After looking at the home page, I clicked on the For Librarians tab. The Librarians page notes that librarians are known to protect patron privacy and to seek out high quality information for patron use. There are some interesting word choices and phrases on the Librarians page. For one, the text states that publishers and librarians “benefit from working together to share intelligence.” I also find this ironic, seeing as how contracts with publishers for information access are notorious for being confusing and opaque. The Librarians page also clarifies that SNSI is focused on protecting “legitimate” access to scholarly content. I take this to mean that SNSI will protect publishers and their ability to put their content behind a paywall. I don’t think a paywall is necessarily a bad thing. Content creators should be able to live off of their content creation. Also, it shouldn’t necessarily fall on taxpayers to fund research. Someone has to pay for it, and sometimes it makes sense for the user to make that payment. However, there should be avenues for everyone, regardless of ability to pay, to access scholarly content.

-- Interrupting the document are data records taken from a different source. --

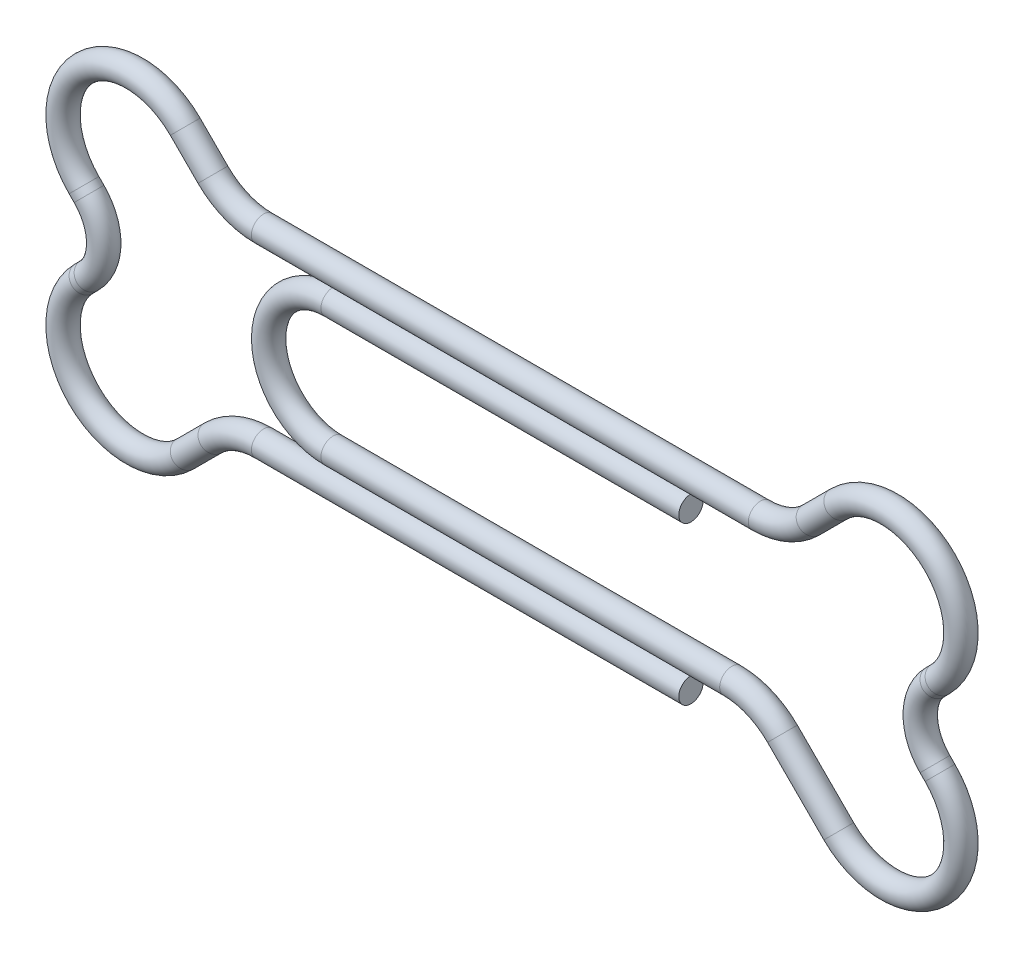
SolidWorks part; units mm, degrees
ref_plane "Спереди" through (0, 0, 0) normal (0, 0, 1) x (1, 0, 0)
ref_plane "Сверху" through (0, 0, 0) normal (0, 1, 0) x (1, 0, 0)
ref_plane "Справа" through (0, 0, 0) normal (1, 0, 0) x (0, 0, -1)
sketch "Эскиз1" plane through (0, 0, 0) normal (0, 0, 1) x (1, 0, 0)
  line L0 (0, 0) -> (25, 0) construction
  line L1 (0, 4.5) -> (25, 4.5) construction
  line L2 (0, -4.5) -> (25, -4.5) construction
  line L3 (-7.5, 0) -> (32.5, 0) construction
  line L4 (-7.5, 6.5) -> (32.5, 6.5) construction
  line L5 (-7.5, -6.5) -> (32.5, -6.5) construction
  line L6 (32.5, 0) -> (38.864, 6.364) construction
  line L7 (28.9645, 3.5355) -> (35.3284, 9.8995) construction
  line L8 (36.0355, -3.5355) -> (42.3995, 2.8284) construction
  line L9 (0, 0) -> (-25.7489, 0) construction
  line L10 (32.5, 0) -> (38.864, -6.364) construction
  line L11 (28.9645, -3.5355) -> (35.3284, -9.8995) construction
  line L12 (36.0355, 3.5355) -> (42.3995, -2.8284) construction
  line L13 (12.5, 0) -> (12.5, 10.4926) construction
  line L14 (-7.5, 0) -> (-13.864, -6.364) construction
  line L15 (-3.9645, -3.5355) -> (-10.3284, -9.8995) construction
  line L16 (-11.0355, 3.5355) -> (-17.3995, -2.8284) construction
  line L17 (-7.5, 0) -> (-13.864, 6.364) construction
  line L18 (-3.9645, 3.5355) -> (-10.3284, 9.8995) construction
  line L19 (-11.0355, -3.5355) -> (-17.3995, 2.8284) construction
  line L20 (25, -4.5) -> (29.9289, -4.5) construction
  arc A0 (0, 4.5) -> (0, -4.5) centre (0, 0) ccw construction
  arc A1 (25, -4.5) -> (25, 4.5) centre (25, 0) ccw construction
  arc A2 (-7.5, 6.5) -> (-7.5, -6.5) centre (-7.5, 0) ccw construction
  arc A3 (32.5, -6.5) -> (32.5, 6.5) centre (32.5, 0) ccw construction
  arc A4 (28.9645, 3.5355) -> (36.0355, -3.5355) centre (32.5, 0) ccw construction
  arc A5 (42.3995, 2.8284) -> (35.3284, 9.8995) centre (38.864, 6.364) ccw construction
  arc A6 (28.9645, -3.5355) -> (36.0355, 3.5355) centre (32.5, 0) cw construction
  arc A7 (42.3995, -2.8284) -> (35.3284, -9.8995) centre (38.864, -6.364) cw construction
  arc A8 (-3.9645, -3.5355) -> (-11.0355, 3.5355) centre (-7.5, 0) ccw construction
  arc A9 (-17.3995, -2.8284) -> (-10.3284, -9.8995) centre (-13.864, -6.364) ccw construction
  arc A10 (-3.9645, 3.5355) -> (-11.0355, -3.5355) centre (-7.5, 0) cw construction
  arc A11 (-17.3995, 2.8284) -> (-10.3284, 9.8995) centre (-13.864, 6.364) cw construction
  point P3 (12.5, 0)
  point P10 (12.5, 0)
  point P17 (35.682, 3.182)
  point P26 (35.682, -3.182)
  point P35 (-10.682, -3.182)
  point P42 (-10.682, 3.182)
  dimension "D1" = 25
  dimension "D2" = 9
  dimension "D3" = 13
  dimension "D4" = 40
  dimension "D5" = 45
  dimension "D6" = 9
  dimension "D7" = 10
sketch "Эскиз2" plane through (0, 0, 0) normal (0, 0, 1) x (1, 0, 0)
  line L0 (25, 4.5) -> (0, 4.5)
  line L1 (0, -4.5) -> (25, -4.5)
  line L2 (25, -4.5) -> (27.8579, -4.5)
  line L3 (31.3934, -5.9645) -> (35.3284, -9.8995)
  line L4 (42.3995, -2.8284) -> (42.0459, -2.4749)
  line L5 (36.0355, -3.5355) -> (42.3995, 2.8284) construction
  line L6 (36.0355, 3.5355) -> (42.3995, -2.8284) construction
  line L7 (42.0459, 2.4749) -> (42.3995, 2.8284)
  line L8 (35.3284, 9.8995) -> (33.3934, 7.9645)
  line L9 (-7.5, 6.5) -> (32.5, 6.5) construction
  line L10 (28.9645, 3.5355) -> (35.3284, 9.8995) construction
  line L11 (29.8579, 6.5) -> (-4.8579, 6.5)
  line L12 (-8.3934, 7.9645) -> (-10.3284, 9.8995)
  line L13 (-17.3995, 2.8284) -> (-17.0459, 2.4749)
  line L14 (0, 0) -> (-25.7489, 0) construction
  line L15 (-11.0355, 3.5355) -> (-17.3995, -2.8284) construction
  line L16 (-17.0459, -2.4749) -> (-17.3995, -2.8284)
  line L17 (-10.3284, -9.8995) -> (-8.3934, -7.9645)
  line L18 (-7.5, -6.5) -> (32.5, -6.5) construction
  line L19 (-3.9645, -3.5355) -> (-10.3284, -9.8995) construction
  line L20 (-4.8579, -6.5) -> (25, -6.5)
  arc A0 (0, 4.5) -> (0, -4.5) centre (0, 0) ccw
  arc A1 (35.3284, -9.8995) -> (42.3995, -2.8284) centre (38.864, -6.364) ccw
  arc A2 (42.3995, 2.8284) -> (35.3284, 9.8995) centre (38.864, 6.364) ccw
  arc A3 (-10.3284, 9.8995) -> (-17.3995, 2.8284) centre (-13.864, 6.364) ccw
  arc A4 (-17.3995, -2.8284) -> (-10.3284, -9.8995) centre (-13.864, -6.364) ccw
  arc A5 (-17.0459, -2.4749) -> (-17.0459, 2.4749) centre (-19.5208, 0) ccw
  arc A6 (42.0459, -2.4749) -> (42.0459, 2.4749) centre (44.5208, 0) cw
  arc A7 (33.3934, 7.9645) -> (29.8579, 6.5) centre (29.8579, 11.5) cw
  arc A8 (-4.8579, -6.5) -> (-8.3934, -7.9645) centre (-4.8579, -11.5) ccw
  arc A9 (-8.3934, 7.9645) -> (-4.8579, 6.5) centre (-4.8579, 11.5) ccw
  arc A10 (27.8579, -4.5) -> (31.3934, -5.9645) centre (27.8579, -9.5) cw
  point P54 (-14.5711, 0)
  point P59 (39.5711, 0)
  point P62 (31.9289, 6.5)
  point P65 (-6.9289, -6.5)
  point P68 (-6.9289, 6.5)
  point P71 (29.9289, -4.5)
  dimension "D1" = 3.5
  dimension "D2" = 3.5
  dimension "D3" = 5
  dimension "D4" = 5
ref_plane "Плоскость1" through (25, -6.5, 0) normal (1, 0, 0) x (0, 0, -1)
sketch "Эскиз3" plane through (25, -6.5, 0) normal (1, 0, 0) x (0, 0, -1)
  circle A0 centre (0, 0) radius 0.85
  dimension "D1" = 1.7
sweep "По траектории1" add profiles "Эскиз3" path "Эскиз2"

The Librarians page concludes with a graphic showing an SNSI gear in the middle of 5 “topics:” Educate, Support, Join, Follow, and Spread the Word. I’ll note some interesting things from that graphic. In the Educate section, the graphic encourages people to read up on the topic at The Scholarly Kitchen, which is a .org and is not behind a paywall. Seemingly, SNSI wants people to be able to access information for free, unless it is information that their member publishers hold the rights to. Also in the Educate section, the graphic mentions a partnership with OCLC to block “illegal” access to licensed content. The Support section seems to be about publishers supporting libraries’ good-faith efforts and vice versa. In the Spread the Word section, the graphic mentioned how cyber security is tied to user privacy and that library systems routinely store tremendous amounts of user data. This is an accurate statement, especially in the academic library realm. However, my first thought is that instead of organizing and paying for cyber security, why couldn’t a library store less data? Is the data being stored truly necessary? Is it worth the trouble? Is it being used for control? These questions can help administrators determine if keeping data makes sense in context. Looking at the graphic as a whole, almost a quarter of the talking points in the graphic specifically mention Sci-Hub and how to neutralize it, including treating Sci-Hub “as a persistent threat to your institutional network security.”

I didn’t have a chance to document every aspect of SNSI’s website in this blog post, but what I did see is not necessarily promising. It seems like an effort to fix symptoms of a problem that only really exists for publishers. Additionally, these “symptoms” might be inevitable consequences of an open access world.